What you should do ::
Will you return, word for word, only the lines from the top of the data below down to and including the one with "Blog posts can"?

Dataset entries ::

- Opening Delimiter -

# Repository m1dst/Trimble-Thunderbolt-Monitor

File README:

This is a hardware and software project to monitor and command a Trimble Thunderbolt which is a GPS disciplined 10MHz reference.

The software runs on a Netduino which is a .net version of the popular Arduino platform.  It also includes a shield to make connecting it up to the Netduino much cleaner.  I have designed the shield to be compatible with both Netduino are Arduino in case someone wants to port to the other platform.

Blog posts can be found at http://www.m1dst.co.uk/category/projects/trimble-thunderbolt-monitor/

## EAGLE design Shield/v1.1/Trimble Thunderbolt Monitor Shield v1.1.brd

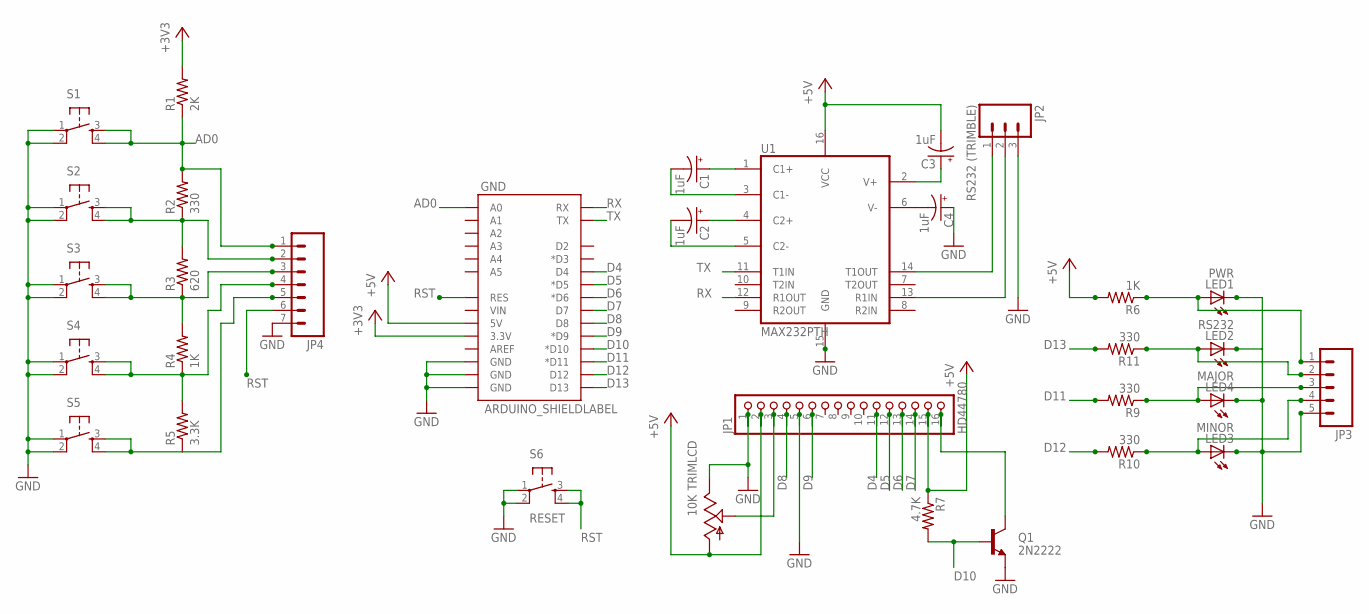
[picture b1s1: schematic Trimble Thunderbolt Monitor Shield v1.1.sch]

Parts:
C1, C2, C3, C4: 1uF; CPOL-RADIAL-10UF-25V
GND: ARDUINO_SHIELDLABEL; DUEMILANOVE_SHIELD
JP1: HD44780; 1X16
JP2: RS232 (TRIMBLE); MOLEX-1X3
JP3: M05PTH; 1X05
JP4: M07; 1X07
LED1: PWR; LED5MM
LED2: RS232; LED5MM
LED3: MINOR; LED5MM
LED4: MAJOR; LED5MM
Q1: 2N2222; TO-92-AMMO
R1: 2K; AXIAL-0.3
R2, R9, R10, R11: 330; AXIAL-0.3
R3: 620; AXIAL-0.3
R4, R6: 1K; AXIAL-0.3
R5: 3.3K; AXIAL-0.3
R7: 4.7K; AXIAL-0.3
S1, S2, S3, S4, S5: TAC_SWITCHPTH; TACTILE-PTH
S6: RESET; TACTILE-PTH
TRIMLCD: 10K; 3362U
U1: MAX232PTH; DIL16

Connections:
+3V3: GND.3.3V, R1.P$2 (2)
+5V: C3.2 (-), GND.5V, JP1.2, JP1.15, R6.P$2 (2), R7.P$1 (1), TRIMLCD.P$3 (A), U1.16 (VCC)
AD0: GND.A0, JP4.1, R1.P$1 (1), R2.P$2 (2), S1.3, S1.4
D4: GND.D4, JP1.11
D5: GND.D5 (*D5), JP1.12
D6: GND.D6 (*D6), JP1.13
D7: GND.D7, JP1.14
D8: GND.D8, JP1.4
D9: GND.D9 (*D9), JP1.6
D10: GND.D10 (*D10), Q1.2 (B), R7.P$2 (2)
D11: GND.D11 (*D11), R9.P$2 (2)
D12: GND.D12, R10.P$2 (2)
D13: GND.D13, R11.P$2 (2)
GND: C4.1 (+), GND.GND@0 (GND), GND.GND@1 (GND), GND.GND@2 (GND), JP1.1, JP1.5, JP2.3, JP3.5, JP4.7, LED1.K (C), LED2.K (C), LED3.K (C), LED4.K (C), Q1.1 (E), S1.1, S1.2, S2.1, S2.2, S3.1, S3.2, S4.1, S4.2, S5.1, S5.2, S6.1, S6.2, TRIMLCD.P$1 (E), U1.15 (GND)
LEDRS232: JP3.2, LED2.A, R11.P$1 (1)
unnamed: JP4.3, R3.P$1 (1), R4.P$2 (2), S3.3, S3.4
unnamed: JP3.3, LED4.A, R9.P$1 (1)
unnamed: JP4.4, R4.P$1 (1), R5.P$2 (2), S4.3, S4.4
unnamed: JP3.1, LED1.A, R6.P$1 (1)
unnamed: JP4.5, R5.P$1 (1), S5.3, S5.4
unnamed: JP2.1, U1.14 (T1OUT)
unnamed: JP1.16, Q1.3 (C)
unnamed: JP1.3, TRIMLCD.P$2 (S)
unnamed: JP2.2, U1.13 (R1IN)
unnamed: C1.2 (-), U1.3 (C1-)
unnamed: C1.1 (+), U1.1 (C1+)
unnamed: C2.1 (+), U1.4 (C2+)
unnamed: C2.2 (-), U1.5 (C2-)
unnamed: C4.2 (-), U1.6 (V-)
unnamed: C3.1 (+), U1.2 (V+)
unnamed: JP3.4, LED3.A, R10.P$1 (1)
unnamed: JP4.2, R2.P$1 (1), R3.P$2 (2), S2.3, S2.4
RST: GND.RES, JP4.6, S6.3, S6.4
RX: GND.RX, U1.12 (R1OUT)
TX: GND.TX, U1.11 (T1IN)

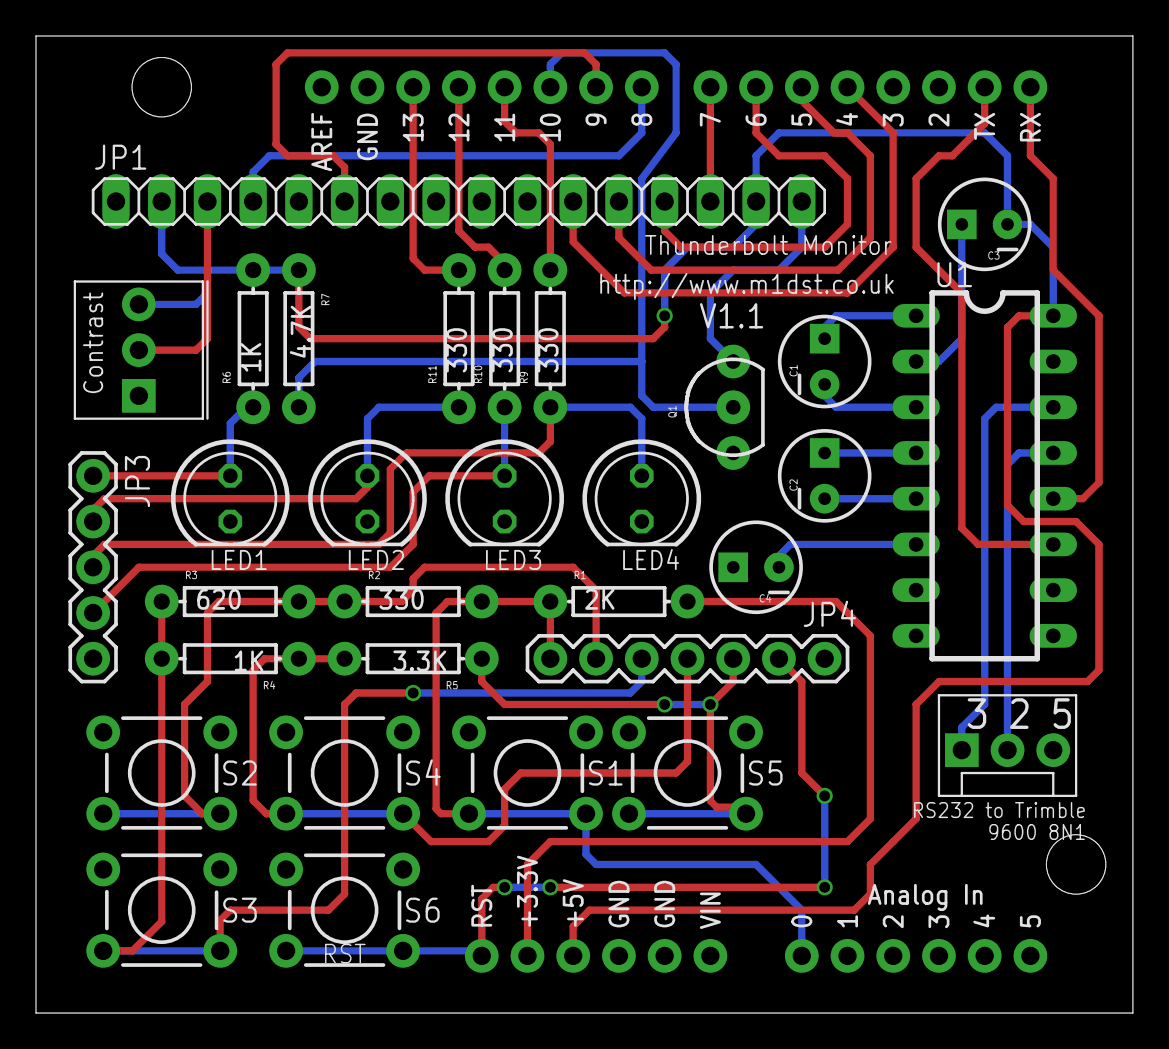
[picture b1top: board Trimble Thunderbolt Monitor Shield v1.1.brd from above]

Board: 2 copper layers, 60.9 x 54.3 mm, 32 parts (0 on the bottom side), 35 nets.

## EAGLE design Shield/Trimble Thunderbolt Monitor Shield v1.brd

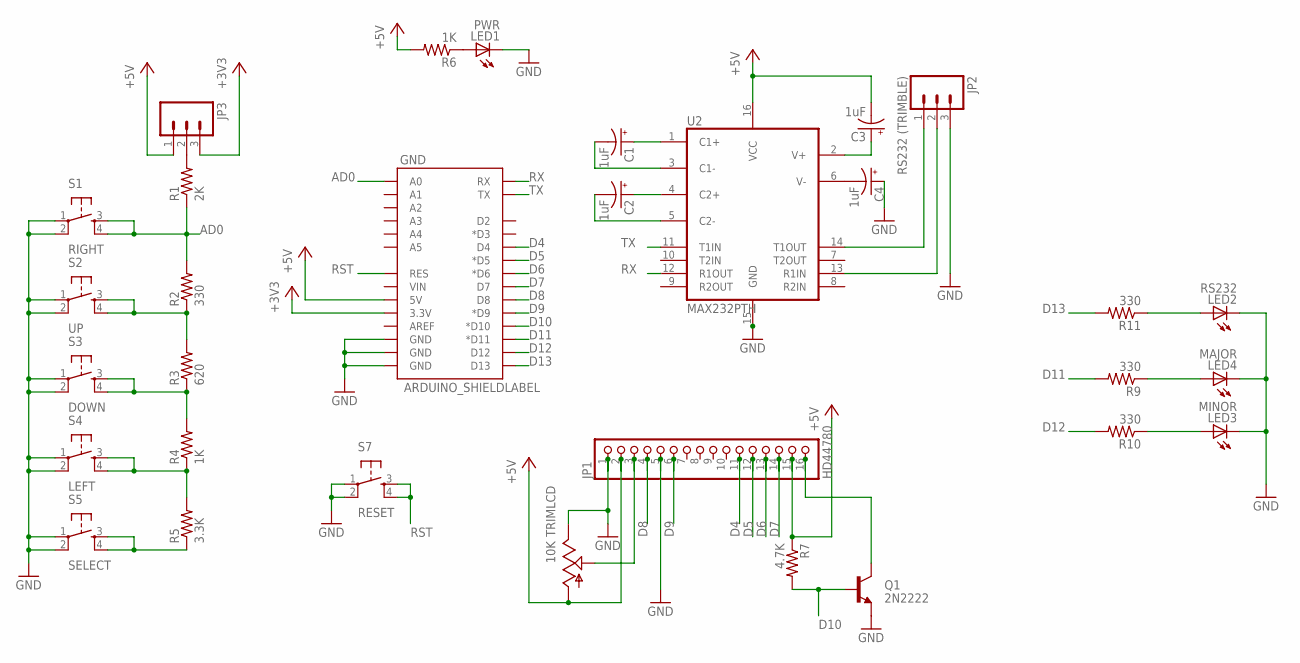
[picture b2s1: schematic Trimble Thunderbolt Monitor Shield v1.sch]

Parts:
C1, C2, C3, C4: 1uF; CPOL-RADIAL-10UF-25V
GND: ARDUINO_SHIELDLABEL; DUEMILANOVE_SHIELD
JP1: HD44780; 1X16
JP2: RS232 (TRIMBLE); MOLEX-1X3
JP3: M03PTH; 1X03
LED1: PWR; LED5MM
LED2: RS232; LED5MM
LED3: MINOR; LED5MM
LED4: MAJOR; LED5MM
Q1: 2N2222; TO-92-AMMO
R1: 2K; AXIAL-0.3
R2, R9, R10, R11: 330; AXIAL-0.3
R3: 620; AXIAL-0.3
R4, R6: 1K; AXIAL-0.3
R5: 3.3K; AXIAL-0.3
R7: 4.7K; AXIAL-0.3
S1: RIGHT; TACTILE-PTH
S2: UP; TACTILE-PTH
S3: DOWN; TACTILE-PTH
S4: LEFT; TACTILE-PTH
S5: SELECT; TACTILE-PTH
S7: RESET; TACTILE-PTH
TRIMLCD: 10K; 3362U
U2: MAX232PTH; DIL16

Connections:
+3V3: GND.3.3V, JP3.3
+5V: C3.2 (-), GND.5V, JP1.2, JP1.15, JP3.1, R6.P$2 (2), R7.P$1 (1), TRIMLCD.P$3 (A), U2.16 (VCC)
AD0: GND.A0, R1.P$1 (1), R2.P$2 (2), S1.3, S1.4
D4: GND.D4, JP1.11
D5: GND.D5 (*D5), JP1.12
D6: GND.D6 (*D6), JP1.13
D7: GND.D7, JP1.14
D8: GND.D8, JP1.4
D9: GND.D9 (*D9), JP1.6
D10: GND.D10 (*D10), Q1.2 (B), R7.P$2 (2)
D11: GND.D11 (*D11), R9.P$2 (2)
D12: GND.D12, R10.P$2 (2)
D13: GND.D13, R11.P$2 (2)
GND: C4.1 (+), GND.GND@0 (GND), GND.GND@1 (GND), GND.GND@2 (GND), JP1.1, JP1.5, JP2.3, LED1.K (C), LED2.K (C), LED3.K (C), LED4.K (C), Q1.1 (E), S1.1, S1.2, S2.1, S2.2, S3.1, S3.2, S4.1, S4.2, S5.1, S5.2, S7.1, S7.2, TRIMLCD.P$1 (E), U2.15 (GND)
LEDRS232: LED2.A, R11.P$1 (1)
unnamed: R3.P$1 (1), R4.P$2 (2), S3.3, S3.4
unnamed: LED4.A, R9.P$1 (1)
unnamed: R4.P$1 (1), R5.P$2 (2), S4.3, S4.4
unnamed: LED1.A, R6.P$1 (1)
unnamed: R5.P$1 (1), S5.3, S5.4
unnamed: JP2.1, U2.14 (T1OUT)
unnamed: JP1.16, Q1.3 (C)
unnamed: JP1.3, TRIMLCD.P$2 (S)
unnamed: JP2.2, U2.13 (R1IN)
unnamed: C1.2 (-), U2.3 (C1-)
unnamed: C1.1 (+), U2.1 (C1+)
unnamed: C2.1 (+), U2.4 (C2+)
unnamed: C2.2 (-), U2.5 (C2-)
unnamed: C4.2 (-), U2.6 (V-)
unnamed: C3.1 (+), U2.2 (V+)
unnamed: LED3.A, R10.P$1 (1)
unnamed: JP3.2, R1.P$2 (2)
unnamed: R2.P$1 (1), R3.P$2 (2), S2.3, S2.4
RST: GND.RES, S7.3, S7.4
RX: GND.RX, U2.12 (R1OUT)
TX: GND.TX, U2.11 (T1IN)

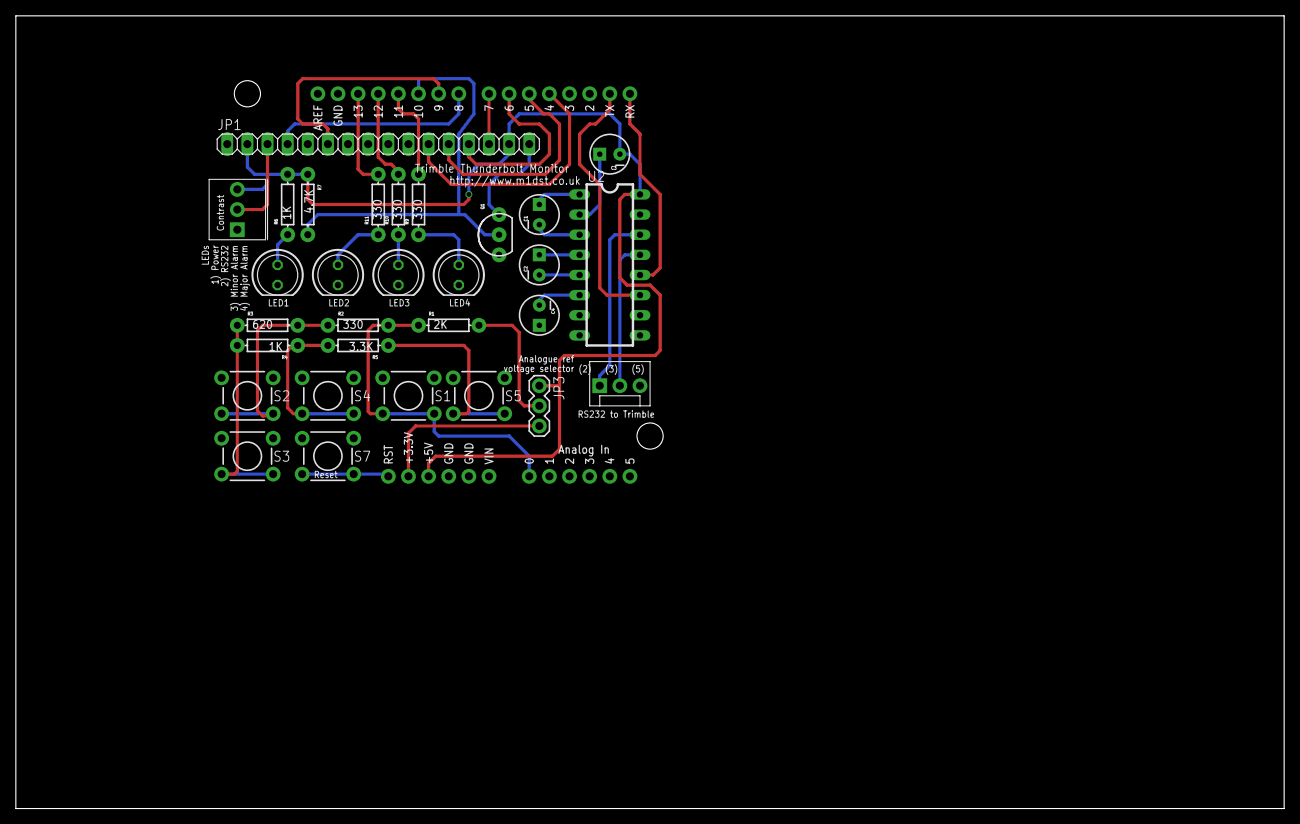
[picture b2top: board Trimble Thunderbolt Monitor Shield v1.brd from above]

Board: 2 copper layers, 160.0 x 100.0 mm, 31 parts (0 on the bottom side), 36 nets.

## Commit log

2013-03-15 Initial check in
    This is the first version of the Trimble Thunderbolt Shield. I have
    done my best to check it but as yet it hasn't been fabricated so please
    check it yourself if you are going to create one.
2013-03-15 Added README
2013-03-15 Updated README (again)
2013-03-15 README (again)
2013-03-18 Changed the pot used for LCD contrast to a 3362U package.
2013-03-18 Backlight and track routing changes
    Changes to the layout of some of the tracks to make them look neater.
    Also changed the way the backlight interacts with the Netduino. It is
    now possible to control the brightness of the LCD via a pin on the
    Netduino.
    Also changed some of the LED output pins
2013-03-18 A few silkscreen changes
2013-03-18 Updated some more silkscreen items, a few traces and added gerber files.
2013-03-20 Fixed typo in readme
2013-03-20 Further annotation to readme as I experiment with markdown
2013-06-04 Initial check in of the software
    This is my initial version of the software required to run on the
    Netduino Plus 2. I am aware that there are one or two bugs which cause
    the Netduino to lock up. If you can reproduce them then please let me
    know so I can fix (or submit a pull request)
2013-06-15 Fixed crash due to longer Lat/Long than expected.
    I was advised by Steve Jacobs that his monitor crashed. We identified
    the problem to be a difference in length between his Lat/Long and mine.
    I have modified the code to pad accordingly whitespace when needed.
    Tested and still works fine on my monitor. Also bumped the version to
    1.0.3.
2013-06-15 Fixed crash due to longer Lat/Long than expected.
    Could still have failed if the longitude became 3 digits and negative.
2013-06-15 Updated the project description
2013-07-05 Added instructions document
2013-07-05 Allow unsafe code to be compiled.
    Not sure why this got disabled.
2013-07-05 Updated the readme
    Now contains link to purchase the kit.
2013-11-25 Enhanced the manual
    Added information to the manual to explain the use of the buttons.
2014-01-19 Created v1.1
    Added a new version of the shield. I’ve added headers for external
    buttons and LEDs rather than soldering directly to the board. The
    manual has been updated with these changes.
    Various components have been renamed to make the numbering more
    consistent.
2014-02-04 Fixed some silkscreen issues
2014-02-04 Removed old berbers
2014-02-04 Fixed some ERC issues
2014-02-04 Updated the manuals
    Updated the schematic, and button instructions to make it clearer which
    button is which. There is still work required to label the new headers
    on v1.1
2014-02-05 Example LCD Image
    A photo of a typical LCD once the monitor is running.
2014-04-22 Subtle cleanup of the v1.1 board and gerber files
2014-04-22 Changed board font to vector
2017-07-17 Added a project to cover the Netduino 1
2017-07-31 Fixed the issue with the GPS week rollover.
    The Trimble Thunderbolt is no longer reliable after July 30th 2017. The
    date needs to be manually calculated from now on. We add 1024 to the
    GPS week number and then manually work out the new time including the
    leap second offset.
2017-07-31 Warn existing users there is an code update which should be used.
2017-08-02 Update the readme
2017-08-10 Added support for FEZ Lemur
    Changed the namespaces to make them simpler.
    Add .vs to the gitignore file.
    Add shared AssemblyInfo file.
    Create project files for each type of board with shared files.
    Updated the instructions to reflect new projects.
2017-10-29 Updated the docs
2017-10-31 Fixed a broken link in the instructions
2017-11-04 Updated the documentation
2017-11-07 No longer show the survey as 0% complete when no survey is in progress.
    Bumped to v1.0.5
2017-11-07 Added an "uptime" indicator where the survey text used to be.
2017-11-13 Refactoring
2017-11-24 Add some guidance on how to download the software.
2017-11-28 Added a link for the direct download to VS2013.
2018-02-18 Add support for LCD backlight brightness #1
    This is experimental. If you find any issues with hanging we should
    roll this feature back.
2018-02-18 Bumped the version number to 1.0.7
2019-07-10 Satellite signal strength and additional information
    Fix the incorrect constraints list
    General refactoring
    Bumped to v1.1.0
2019-07-10 Ported to TinyCLR so it can be run on a 10$ Fez
    Bumped to version 2.0.0
2019-07-10 Fixes to v1.1.0
2019-07-10 v1.1.0 Optimisations
2019-07-10 v2.0.0 Optimisations
2019-07-10 Fix - "screen number not showing on #4"
2019-07-11 Better display of debug packets. Correctly converts a byte to hex as String.Format isn't supported.
2019-08-08 Added timeout for tracked sats if no update received within 2 and 10s
    Bumped to v1.1.1 and 2.0.1
    Add more debugging statements
2019-08-30 Remove a debug statement.
2019-09-04 Added a watchdog to the TinyCLR version to allow recovery.
    The watchdog timeout is currently 30s and is being reset at the start of every loop.

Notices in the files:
parts and their libraries:
SparkFun: Licensing: CC v3.0 Share-Alike You are welcome to use this library for commercial purposes.

- Closing Delimiter -

Exercise answer ::
# Repository m1dst/Trimble-Thunderbolt-Monitor

File README:

This is a hardware and software project to monitor and command a Trimble Thunderbolt which is a GPS disciplined 10MHz reference.

The software runs on a Netduino which is a .net version of the popular Arduino platform.  It also includes a shield to make connecting it up to the Netduino much cleaner.  I have designed the shield to be compatible with both Netduino are Arduino in case someone wants to port to the other platform.

Blog posts can be found at http://www.m1dst.co.uk/category/projects/trimble-thunderbolt-monitor/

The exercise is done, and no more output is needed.